GSA Annual Meeting in Seattle, Washington, USA - 2017

Paper No. 341-6
Presentation Time: 2:55 PM

MODELING GLACIAL EXTENT DURING THE LAST GLACIAL MAXIMUM IN UGANDA (Invited Presentation)


DOUGHTY, Alice Marie1, KELLY, Meredith A.2, RUSSELL, James M.3, ANDERSON, Brian4 and JACKSON, Margaret S.2, (1)Geology Department, Bates College, Carnegie Science Hall, Campus Ave, Lewiston, ME 04240, (2)Earth Sciences, Dartmouth College, HB 6105 Fairchild Hall, Hanover, NH 03755, (3)Department of Earth, Environmental and Planetary Sciences, Brown University, Providence, RI 02912, (4)Antarctic Research Centre, Victoria University of Wellington, PO Box 600, Kelburn Parade, Wellington, 6012, New Zealand, alice.doughty@gmail.com

Paleoclimate records from tropical locations are relatively rare compared to extratropical regions, and often focus on hydroclimatic rather than thermal changes.
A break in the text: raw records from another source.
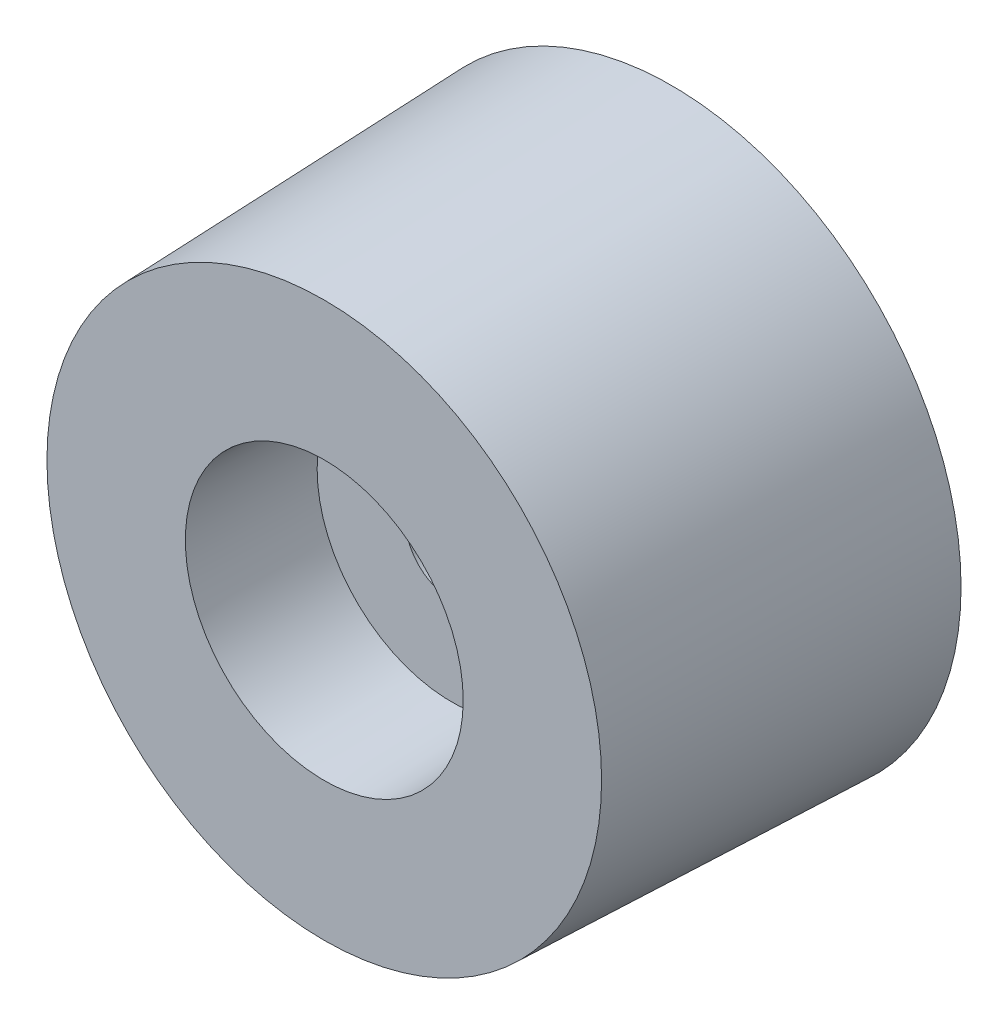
from build123d import *

# Parameters (mm, degrees)
ESQUISSE1_R             = 12.5
BASEEXTRUSION_DEPTH     = 15
BASEEXTRUSION_TAPER     = 1.999999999
ESQUISSE2_R             = 6
COUPER_EXTRUSION1_DEPTH = 5.5
COUPER_EXTRUSION1_DRAFT = -1.999999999
ESQUISSE3_R             = 2
COUPER_EXTRUSION2_DEPTH = 21.06863224


with BuildPart() as part:
    # Esquisse1 → BaseExtrusion (new body)
    with BuildSketch(Plane.XY):
        Circle(ESQUISSE1_R)
    extrude(amount=BASEEXTRUSION_DEPTH, taper=BASEEXTRUSION_TAPER)


with BuildPart() as couper_extrusion1_tool:
    # Esquisse2 → Couper-Extrusion1 (with draft: the straight prism first)
    with BuildSketch(Plane.XY.offset(15)):
        Circle(ESQUISSE2_R)
    extrude(amount=-COUPER_EXTRUSION1_DEPTH)
    # Couper-Extrusion1: the draft: its side faces are tilted about the plane it starts from
    couper_extrusion1_sides = [couper_extrusion1_tool.faces().sort_by_distance(p)[0] for p in [
        (-6, 0, 12.25),
    ]]
    draft(couper_extrusion1_sides, Plane.XY.offset(15), COUPER_EXTRUSION1_DRAFT)


with BuildPart() as part_1:
    add(part.part)

    # Couper-Extrusion1: cut by couper_extrusion1_tool
    add(couper_extrusion1_tool.part, mode=Mode.SUBTRACT)

    # Esquisse3 → Couper-Extrusion2 (cut, through all)
    with BuildSketch(Plane.XY.offset(9.5)):
        Circle(ESQUISSE3_R)
    extrude(amount=-COUPER_EXTRUSION2_DEPTH, mode=Mode.SUBTRACT)


solid = part_1.part

Knowing the degree of cooling in low-latitude regions advances our understanding Earth's climate sensitivity to greenhouse gas forcing and internal feedbacks within the climate system. We use a 2-D ice flow and mass balance model to simulate glacier extents in the Rwenzori Mountains of Uganda and the Democratic Republic of Congo to estimate climate during the Last Glacial Maximum (LGM). Steady-state simulations of LGM glacier extents, which match moraines dated to ~20,000 years ago, can be obtained with a 20% reduction in precipitation and a 7°C cooling. Alternatively, using a paleo-lapse rate of 0.0067°C/m, which is slightly steeper than the modern lapse rate of 0.0058°C/m, and a 20% reduction in precipitation, the simulation requires only 3.5°C cooling for the glaciers to reach the mapped and dated LGM moraines. These results support the claim for large magnitude cooling at high elevations in tropical East Africa during the dry LGM and/or the possibility that some of that cooling resulted from a steepening of the lapse rate.